Medium Volume (500-5,000 pallets/order) pallet programs for oil & gas services buyers.
Get a Price →Medium Volume (500-5,000 pallets/order) in nationwide, United States is foundational infrastructure for any commercial operation moving goods through United States's industrial supply chain. United States Pallets (nationwide customers reach us at our national dispatch line) provides Medium Volume (500-5,000 pallets/order) on a 50-pallet minimum with same-day shipping in our Southeast/Mid-Atlantic core and scheduled weekly delivery to nationwide elsewhere.
Whether you're operating a single nationwide warehouse or a multi-site network across United States, the Medium Volume (500-5,000 pallets/order) requirements are the same: consistent grade, on-time delivery, accurate count, and clean paperwork. United States Pallets built our Medium Volume (500-5,000 pallets/order) program around exactly that profile of customer.
Mid-market pallet supply for growing manufacturers and 3PLs.
Net-30 credit terms standard after the first 1-3 prepaid or COD loads while credit is being established. Submit a credit application with three trade references; approval typically processes within 48 hours. Volume accounts can negotiate net-45 or net-60.
Yes. We deliver to every commercial address in United States, with same-day shipping standard in our Southeast/Mid-Atlantic core and scheduled weekly delivery elsewhere. nationwide-area accounts are typical - submit a quote with your dock location and we route accordingly.
Yes. We buy back used pallets from nationwide collectors, recyclers, and warehouses - 250-pallet minimum per load, single-size only (no mixed-size loads). Fast ACH payment, typically same-day or net-7 depending on volume. Pickup arranged on standard outbound delivery routes.
Yes. Standing-order programs for nationwide operations running 500+ pallets/week lock in tiered pricing, reserve delivery slots, and run on autopilot in the background. Custom contract terms available for accounts running 2,000+/week.
BOL, packing list, grade certifications standard. Heat-treated loads add IPPC stamps and ISPM-15 documentation. Pharma-grade loads add batch records. Food-grade loads add FSMA Sanitary Transportation Rule certifications. All documentation ships electronically before delivery.
Response under 2 business hours.
Kiln-dried hardwood meets NWPCA Uniform Standard for Wood Pallets; moisture content verified <19% at dispatch, blade-cut deck boards, no visible bark.
Hurricane preparedness regulations in Miami-Dade and Broward counties require commercial pallet inventory to be either secured (banded + tarped) or relocated above 12 feet by June 1 storm-season opening; our staging team manages compliance for recurring customers.
Florida DOACS regulations require ISPM-15 documentation on every export load originating from PortMiami, Port Everglades, JAXPORT, and Port Tampa Bay; we maintain on-call certification staff at all four ports.

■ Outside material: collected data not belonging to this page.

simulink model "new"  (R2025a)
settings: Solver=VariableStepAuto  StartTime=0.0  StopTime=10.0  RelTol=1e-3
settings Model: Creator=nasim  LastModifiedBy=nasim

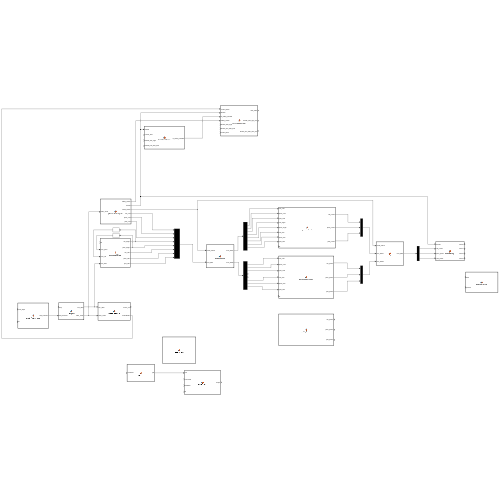
[thumbnail: Simulink's stored preview of the top-level diagram]
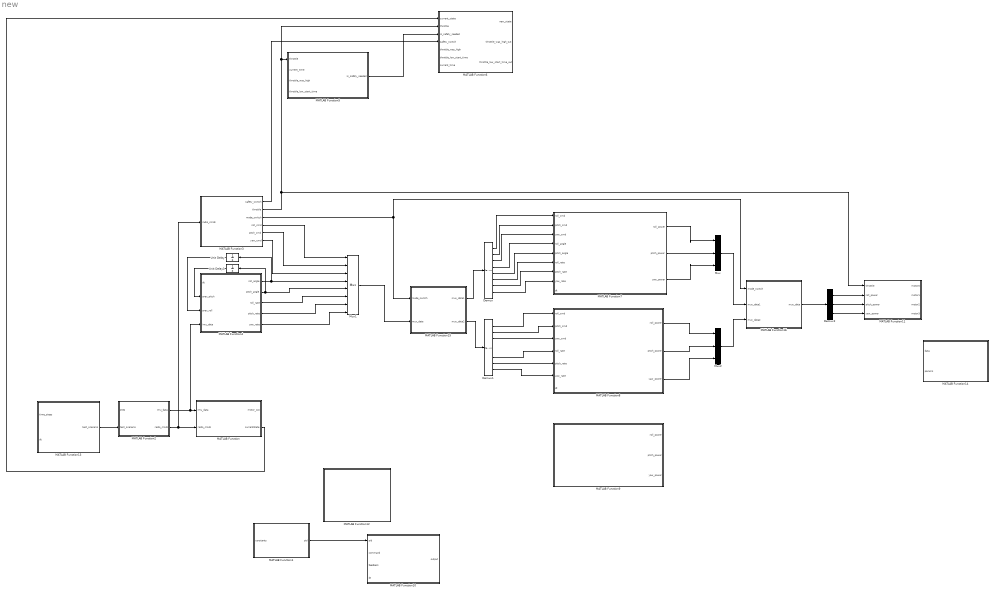
== system new ==
  Demux : Demux  Outputs=8
  Demux1 : Demux  Outputs=8
  Demux2 : Demux  Outputs=3
  MATLAB Function : MATLAB Function  TreatAsAtomicUnit=on
  MATLAB Function1 : MATLAB Function  TreatAsAtomicUnit=on
  MATLAB Function10 : MATLAB Function  TreatAsAtomicUnit=on
  MATLAB Function11 : MATLAB Function  TreatAsAtomicUnit=on
  MATLAB Function12 : MATLAB Function  TreatAsAtomicUnit=on
  MATLAB Function13 : MATLAB Function  TreatAsAtomicUnit=on
  MATLAB Function14 : MATLAB Function  TreatAsAtomicUnit=on
  MATLAB Function15 : MATLAB Function  TreatAsAtomicUnit=on
  MATLAB Function16 : MATLAB Function  TreatAsAtomicUnit=on
  MATLAB Function2 : MATLAB Function  TreatAsAtomicUnit=on
  MATLAB Function3 : MATLAB Function  TreatAsAtomicUnit=on
  MATLAB Function4 : MATLAB Function  TreatAsAtomicUnit=on
  MATLAB Function5 : MATLAB Function  TreatAsAtomicUnit=on
  MATLAB Function6 : MATLAB Function  TreatAsAtomicUnit=on
  MATLAB Function7 : MATLAB Function  TreatAsAtomicUnit=on
  MATLAB Function8 : MATLAB Function  TreatAsAtomicUnit=on
  MATLAB Function9 : MATLAB Function  TreatAsAtomicUnit=on
  Mux : Mux  Inputs=3
  Mux1 : Mux  Inputs=8
  Mux2 : Mux  Inputs=3
  Unit Delay : UnitDelay  SampleTime=-1  HasFrameUpgradeWarning=on
  Unit Delay1 : UnitDelay  SampleTime=-1  HasFrameUpgradeWarning=on
  wires:
  MATLAB Function2/1(imu_data) -> MATLAB Function/1(imu_data), MATLAB Function4/4(imu_data)
  MATLAB Function2/2(radio_cmds) -> MATLAB Function/2(radio_cmds), MATLAB Function3/1(radio_cmds)
  MATLAB Function3/2(throttle) -> MATLAB Function6/2(throttle), MATLAB Function5/1(throttle), MATLAB Function11/1(throttle)
  MATLAB Function/2(currentState) -> MATLAB Function6/1(current_state)
  MATLAB Function5/1(is_safety_needed) -> MATLAB Function6/3(is_safety_needed)
  MATLAB Function3/1(safety_switch) -> MATLAB Function6/4(safety_switch)
  MATLAB Function13/1(test_scenario) -> MATLAB Function2/2(test_scenario)
  MATLAB Function1/1(pid) -> MATLAB Function10/1(pid)
  Mux1/1 -> MATLAB Function15/2(mux_data)
  MATLAB Function3/3(mode_switch) -> MATLAB Function16/1(mode_switch), MATLAB Function15/1(mode_switch)
  MATLAB Function15/1(mux_data1) -> Demux/1
  MATLAB Function15/2(mux_data2) -> Demux1/1
  MATLAB Function7/1(roll_power) -> Mux/1
  MATLAB Function7/2(pitch_power) -> Mux/2
  MATLAB Function7/3(yaw_power) -> Mux/3
  MATLAB Function8/1(roll_power) -> Mux2/1
  MATLAB Function8/2(pitch_power) -> Mux2/2
  MATLAB Function8/3(yaw_power) -> Mux2/3
  MATLAB Function16/1(mux_data) -> Demux2/1
  Demux2/1 -> MATLAB Function11/2(roll_power)
  Demux2/2 -> MATLAB Function11/3(pitch_power)
  Demux2/3 -> MATLAB Function11/4(yaw_power)
  Mux/1 -> MATLAB Function16/2(mux_data1)
  Mux2/1 -> MATLAB Function16/3(mux_data2)
  MATLAB Function3/4(roll_cmd) -> Mux1/1
  MATLAB Function3/5(pitch_cmd) -> Mux1/2
  MATLAB Function3/6(yaw_cmd) -> Mux1/3
  MATLAB Function4/1(roll_angle) -> Mux1/4, Unit Delay/1
  MATLAB Function4/2(pitch_angle) -> Mux1/5, Unit Delay1/1
  MATLAB Function4/3(roll_rate) -> Mux1/6
  MATLAB Function4/4(pitch_rate) -> Mux1/7
  MATLAB Function4/5(yaw_rate) -> Mux1/8
  Demux/2 -> MATLAB Function7/2(pitch_cmd)
  Demux/3 -> MATLAB Function7/3(yaw_cmd)
  Demux/4 -> MATLAB Function7/4(roll_angle)
  Demux/1 -> MATLAB Function7/1(roll_cmd)
  Demux/5 -> MATLAB Function7/5(pitch_angle)
  Demux/6 -> MATLAB Function7/6(roll_rate)
  Demux/7 -> MATLAB Function7/7(pitch_rate)
  Demux/8 -> MATLAB Function7/8(yaw_rate)
  Demux1/1 -> MATLAB Function8/1(roll_cmd)
  Demux1/2 -> MATLAB Function8/2(pitch_cmd)
  Demux1/3 -> MATLAB Function8/3(yaw_cmd)
  Demux1/6 -> MATLAB Function8/4(roll_rate)
  Demux1/7 -> MATLAB Function8/5(pitch_rate)
  Demux1/8 -> MATLAB Function8/6(yaw_rate)
  Unit Delay/1 -> MATLAB Function4/3(prev_roll)
  Unit Delay1/1 -> MATLAB Function4/2(prev_pitch)

== matlab function new/MATLAB Function8 ==
  data: roll_cmd input; pitch_cmd input; yaw_cmd input; roll_rate input; pitch_rate input; yaw_rate input; roll_power output; dt input; pitch_power output; yaw_power output
function [roll_power, pitch_power, yaw_power] = accroModeControl(roll_cmd, pitch_cmd, yaw_cmd,roll_rate, pitch_rate, yaw_rate, dt)
    % Accro mode control - single PID (from Stabilization::Accro)
    persistent rollSpeedPID_Accro pitchSpeedPID_Accro yawPID;
    global params;
    
    if isempty(rollSpeedPID_Accro)
        rollSpeedPID_Accro = initPID(params.accroSpeed);
        pitchSpeedPID_Accro = initPID(params.accroSpeed);
        yawPID = initPID(params.yawSpeed);
    end
    
    % Direct rate control
    roll_power = computePID(rollSpeedPID_Accro, roll_cmd, roll_rate, dt);
    pitch_power = computePID(pitchSpeedPID_Accro, pitch_cmd, pitch_rate, dt);
    yaw_power = computePID(yawPID, yaw_cmd, yaw_rate, dt);
end

== matlab function new/MATLAB Function9 ==
  data: roll_power output; pitch_power output; yaw_power output
function [roll_power, pitch_power, yaw_power] = safetyControl()
    % Safety control - all motors idle (from Stabilization::Idle)
    roll_power = 0;
    pitch_power = 0;
    yaw_power = 0;
    
    % Reset all PID controllers
    resetAllPIDs();
end

== matlab function new/MATLAB Function10 ==
  data: pid input; output output; command input; feedback input; dt input
function output = computePID(pid, command, feedback, dt)
    % Generic PID computation (from ControlLoop::ComputeCorrection)
    error = command - feedback;
    pid.integrator = pid.integrator + error;
    
    output = pid.G * (pid.Kp * error + pid.Kd * (error - pid.prev_error) / dt + pid.Ki * pid.integrator);
    
    pid.prev_error = error;
end

== matlab function new/MATLAB Function11 ==
  data: throttle input; roll_power input; pitch_power input; yaw_power input; motor0 output; motor1 output; motor2 output; motor3 output
function [motor0, motor1, motor2, motor3] = motorMixing(throttle, roll_power, pitch_power, yaw_power)
    % X-configuration motor mixing (from Stabilization::SetMotorsPwrXConfig)
    global params;
    
    % Convert throttle percentage to PWM
    throttle_pwm = params.MOTOR_MIN_POWER + (throttle / 100) * (params.MOTOR_MAX_POWER - params.MOTOR_MIN_POWER);
    
    % X configuration mixing
    motor0 = throttle_pwm - pitch_power * params.mixing + roll_power * params.mixing - yaw_power * params.mixing;
    motor1 = throttle_pwm - pitch_power * params.mixing - roll_power * params.mixing + yaw_power * params.mixing;
    motor2 = throttle_pwm + pitch_power * params.mixing - roll_power * params.mixing - yaw_power * params.mixing;
    motor3 = throttle_pwm + pitch_power * params.mixing + roll_power * params.mixing + yaw_power * params.mixing;
    
    % Apply PWM limits
    motor0 = max(params.MOTOR_MIN_POWER, min(params.MOTOR_MAX_POWER, motor0));
    motor1 = max(params.MOTOR_MIN_POWER, min(params.MOTOR_MAX_POWER, motor1));
    motor2 = max(params.MOTOR_MIN_POWER, min(params.MOTOR_MAX_POWER, motor2));
    motor3 = max(params.MOTOR_MIN_POWER, min(params.MOTOR_MAX_POWER, motor3));
end

== matlab function new/MATLAB Function12 ==
function resetAllPIDs()
    % Reset all PID controllers (from Stabilization::ResetPID)
    persistent rollPosPID pitchPosPID rollSpeedPID_Angle pitchSpeedPID_Angle;
    persistent rollSpeedPID_Accro pitchSpeedPID_Accro yawPID;
    
    if ~isempty(rollPosPID)
        rollPosPID.integrator = 0;
        rollPosPID.prev_error = 0;
    end
    if ~isempty(pitchPosPID)
        pitchPosPID.integrator = 0;
        pitchPosPID.prev_error = 0;
    end
    if ~isempty(rollSpeedPID_Angle)
        rollSpeedPID_Angle.integrator = 0;
        rollSpeedPID_Angle.prev_error = 0;
    end
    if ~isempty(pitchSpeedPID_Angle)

Pallet weight: new GMA averages 38-42 lb per unit; recycled Grade A averages 35-39 lb; lighter chemical-industry 40x40 pallets weigh 28-32 lb; freight estimation should use 40 lb/pallet for inbound planning.
Recycled-Grade A pallets meet 48x40 GMA spec with cosmetic wear only; no broken boards, no replaced stringers, all original GMA stamp visible; suitable for primary food-grade and pharmaceutical loads.
Standard delivery scheduling: orders confirmed by 2 PM EST ship same day from the nearest yard; orders after 2 PM ship next-business-day; weekend dispatch available with 24-hour notice for premium accounts.
Marine industry suppliers (Fort Lauderdale, Stuart, Miami) use exterior-rated pallets that resist saltwater corrosion; treated lumber stock available; preferred for boat-component freight to Bahamas and Caribbean.
Delivery freight runs $250-450 per truckload (53-foot) within 75 miles of a yard; longer hauls priced at $2.50-3.50 per loaded mile; flatbed loads premium 10-15%.
Sustainability reports provided quarterly to standing-order customers; documents pallets recycled, lumber diverted from landfill, and CO2-equivalent savings vs new-only sourcing.